Transcribe exactly the lines from the first line of the records through the line containing "In plain terms, the", and leave out every picture.

(Records from a collection)
Segment Open
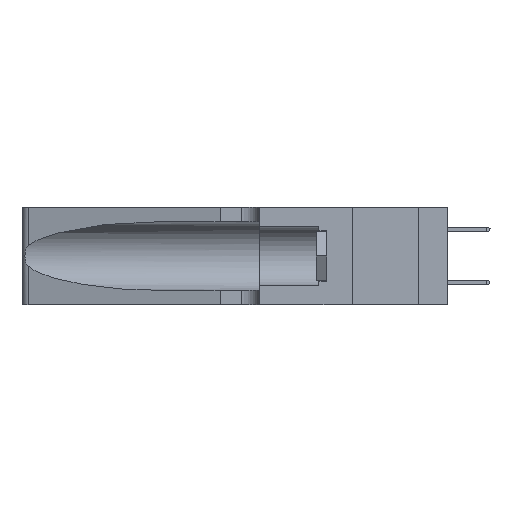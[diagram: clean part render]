
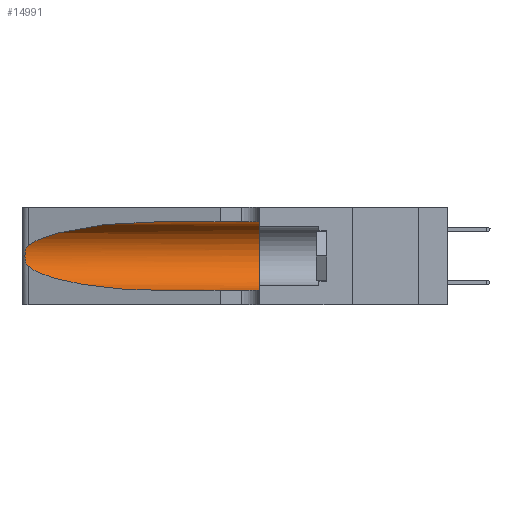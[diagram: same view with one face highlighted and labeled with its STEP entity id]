
A CAD part, left-side view. The second image highlights one B-rep face of the part: STEP entity #14991.
In plain terms, the highlighted cylindrical face has radius 3.308 mm (diameter 6.617 mm), a partial arc.
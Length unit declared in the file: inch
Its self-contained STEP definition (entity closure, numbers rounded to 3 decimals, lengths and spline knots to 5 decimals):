
#404 = EDGE_CURVE ( 'NONE', #8557, #34930, #21403, .T. ) ;
#1308 = DIRECTION ( 'NONE',  ( 0., -1., 0. ) ) ;
#1434 = EDGE_CURVE ( 'NONE', #2299, #26027, #25294, .T. ) ;
#2299 = VERTEX_POINT ( 'NONE', #7630 ) ;
#3513 = CARTESIAN_POINT ( 'NONE',  ( 0.25555, 1.22993, 0.14849 ) ) ;
#3693 = EDGE_CURVE ( 'NONE', #20420, #8557, #41517, .T. ) ;
#3702 = VERTEX_POINT ( 'NONE', #8447 ) ;
#4392 = ORIENTED_EDGE ( 'NONE', *, *, #43248, .T. ) ;
#4536 = VECTOR ( 'NONE', #1308, 39.37008 ) ;
#6563 = CARTESIAN_POINT ( 'NONE',  ( 0.1305, 0.35, 0.05475 ) ) ;
#7630 = CARTESIAN_POINT ( 'NONE',  ( 0.25487, 1.22718, 0.22369 ) ) ;
#8447 = CARTESIAN_POINT ( 'NONE',  ( 0.1305, 0.72297, 0.05475 ) ) ;
#8557 = VERTEX_POINT ( 'NONE', #29039 ) ;
#9681 = CARTESIAN_POINT ( 'NONE',  ( 0.18966, 0.96281, 0.31525 ) ) ;
#9750 = CARTESIAN_POINT ( 'NONE',  ( 0.18966, 0.96281, 0.05475 ) ) ;
#10467 = CARTESIAN_POINT ( 'NONE',  ( 0.25787, 1.23484, 0.2124 ) ) ;
#10689 = CYLINDRICAL_SURFACE ( 'NONE', #22605, 0.13025 ) ;
#10986 = DIRECTION ( 'NONE',  ( 0., -1., 0. ) ) ;
#11773 = FACE_OUTER_BOUND ( 'NONE', #40352, .T. ) ;
#14001 = CARTESIAN_POINT ( 'NONE',  ( 0.26018, 1.23835, 0.19895 ) ) ;
#14381 = CARTESIAN_POINT ( 'NONE',  ( 0.1305, 1.61858, 0.185 ) ) ;
#14991 = ADVANCED_FACE ( 'NONE', ( #11773 ), #10689, .F. ) ;
#17356 = CARTESIAN_POINT ( 'NONE',  ( 0.1305, 0.35, 0.185 ) ) ;
#17561 = CARTESIAN_POINT ( 'NONE',  ( 0.26075, 1.23896, 0.178 ) ) ;
#17645 = ORIENTED_EDGE ( 'NONE', *, *, #22228, .T. ) ;
#18610 =( BOUNDED_CURVE ( )  B_SPLINE_CURVE ( 3, ( #44275, #20207, #9750, #34065 ),
 .UNSPECIFIED., .F., .T. ) 
 B_SPLINE_CURVE_WITH_KNOTS ( ( 4, 4 ),
 ( 3.44316, 4.71239 ),
 .UNSPECIFIED. ) 
 CURVE ( )  GEOMETRIC_REPRESENTATION_ITEM ( )  RATIONAL_B_SPLINE_CURVE ( ( 1., 0.87, 0.87, 1. ) ) 
 REPRESENTATION_ITEM ( '' )  );
#19227 = AXIS2_PLACEMENT_3D ( 'NONE', #17356, #41479, #20878 ) ;
#20207 = CARTESIAN_POINT ( 'NONE',  ( 0.2373, 1.15595, 0.08982 ) ) ;
#20281 = CARTESIAN_POINT ( 'NONE',  ( 0.2373, 1.15595, 0.28018 ) ) ;
#20420 = VERTEX_POINT ( 'NONE', #38781 ) ;
#20878 = DIRECTION ( 'NONE',  ( 0., 0., 1. ) ) ;
#21074 = CARTESIAN_POINT ( 'NONE',  ( 0.25856, 1.23593, 0.16098 ) ) ;
#21403 = CIRCLE ( 'NONE', #19227, 0.13025 ) ;
#21966 =( BOUNDED_CURVE ( )  B_SPLINE_CURVE ( 3, ( #40602, #9681, #20281, #44357 ),
 .UNSPECIFIED., .F., .T. ) 
 B_SPLINE_CURVE_WITH_KNOTS ( ( 4, 4 ),
 ( 1.5708, 2.84003 ),
 .UNSPECIFIED. ) 
 CURVE ( )  GEOMETRIC_REPRESENTATION_ITEM ( )  RATIONAL_B_SPLINE_CURVE ( ( 1., 0.87, 0.87, 1. ) ) 
 REPRESENTATION_ITEM ( '' )  );
#22228 = EDGE_CURVE ( 'NONE', #20420, #2299, #21966, .T. ) ;
#22412 = CARTESIAN_POINT ( 'NONE',  ( 0.1305, 1.61858, 0.31525 ) ) ;
#22605 = AXIS2_PLACEMENT_3D ( 'NONE', #14381, #10986, #35276 ) ;
#22694 = LINE ( 'NONE', #28814, #39886 ) ;
#24543 = CARTESIAN_POINT ( 'NONE',  ( 0.25639, 1.23186, 0.15144 ) ) ;
#25294 = B_SPLINE_CURVE_WITH_KNOTS ( 'NONE', 3,
 ( #31314, #27848, #38060, #10467, #34764, #14001, #38206, #17561, #41671, #21074, #34111, #24543, #3513, #27999 ),
 .UNSPECIFIED., .F., .F.,
 ( 4, 2, 2, 2, 2, 2, 4 ),
 ( 0., 0.00027, 0.00053, 0.00107, 0.0016, 0.00187, 0.00214 ),
 .UNSPECIFIED. ) ;
#26027 = VERTEX_POINT ( 'NONE', #33165 ) ;
#27848 = CARTESIAN_POINT ( 'NONE',  ( 0.25555, 1.22994, 0.2215 ) ) ;
#27999 = CARTESIAN_POINT ( 'NONE',  ( 0.25487, 1.22718, 0.14631 ) ) ;
#28814 = CARTESIAN_POINT ( 'NONE',  ( 0.1305, 1.61858, 0.05475 ) ) ;
#29039 = CARTESIAN_POINT ( 'NONE',  ( 0.1305, 0.35, 0.31525 ) ) ;
#31314 = CARTESIAN_POINT ( 'NONE',  ( 0.25487, 1.22718, 0.22369 ) ) ;
#32260 = ORIENTED_EDGE ( 'NONE', *, *, #33270, .T. ) ;
#33165 = CARTESIAN_POINT ( 'NONE',  ( 0.25487, 1.22718, 0.14631 ) ) ;
#33270 = EDGE_CURVE ( 'NONE', #3702, #34930, #22694, .T. ) ;
#34065 = CARTESIAN_POINT ( 'NONE',  ( 0.1305, 0.72297, 0.05475 ) ) ;
#34111 = CARTESIAN_POINT ( 'NONE',  ( 0.25789, 1.23486, 0.15765 ) ) ;
#34764 = CARTESIAN_POINT ( 'NONE',  ( 0.25854, 1.2359, 0.20912 ) ) ;
#34930 = VERTEX_POINT ( 'NONE', #6563 ) ;
#35276 = DIRECTION ( 'NONE',  ( 0., 0., -1. ) ) ;
#35475 = ORIENTED_EDGE ( 'NONE', *, *, #404, .F. ) ;
#38060 = CARTESIAN_POINT ( 'NONE',  ( 0.25639, 1.23184, 0.21858 ) ) ;
#38144 = ORIENTED_EDGE ( 'NONE', *, *, #1434, .T. ) ;
#38206 = CARTESIAN_POINT ( 'NONE',  ( 0.26075, 1.23896, 0.19203 ) ) ;
#38781 = CARTESIAN_POINT ( 'NONE',  ( 0.1305, 0.72297, 0.31525 ) ) ;
#39886 = VECTOR ( 'NONE', #42499, 39.37008 ) ;
#40352 = EDGE_LOOP ( 'NONE', ( #17645, #38144, #4392, #32260, #35475, #44612 ) ) ;
#40602 = CARTESIAN_POINT ( 'NONE',  ( 0.1305, 0.72297, 0.31525 ) ) ;
#41479 = DIRECTION ( 'NONE',  ( 0., 1., 0. ) ) ;
#41517 = LINE ( 'NONE', #22412, #4536 ) ;
#41671 = CARTESIAN_POINT ( 'NONE',  ( 0.26017, 1.23833, 0.17102 ) ) ;
#42499 = DIRECTION ( 'NONE',  ( 0., -1., 0. ) ) ;
#43248 = EDGE_CURVE ( 'NONE', #26027, #3702, #18610, .T. ) ;
#44275 = CARTESIAN_POINT ( 'NONE',  ( 0.25487, 1.22718, 0.14631 ) ) ;
#44357 = CARTESIAN_POINT ( 'NONE',  ( 0.25487, 1.22718, 0.22369 ) ) ;
#44612 = ORIENTED_EDGE ( 'NONE', *, *, #3693, .F. ) ;
Segment Closed
#### [Answer box]
[diagram: clean part render]
[diagram: same view with one face highlighted and labeled with its STEP entity id]
A CAD part, left-side view. The second image highlights one B-rep face of the part: STEP entity #14991.
In plain terms, the highlighted cylindrical face has radius 3.308 mm (diameter 6.617 mm), a partial arc.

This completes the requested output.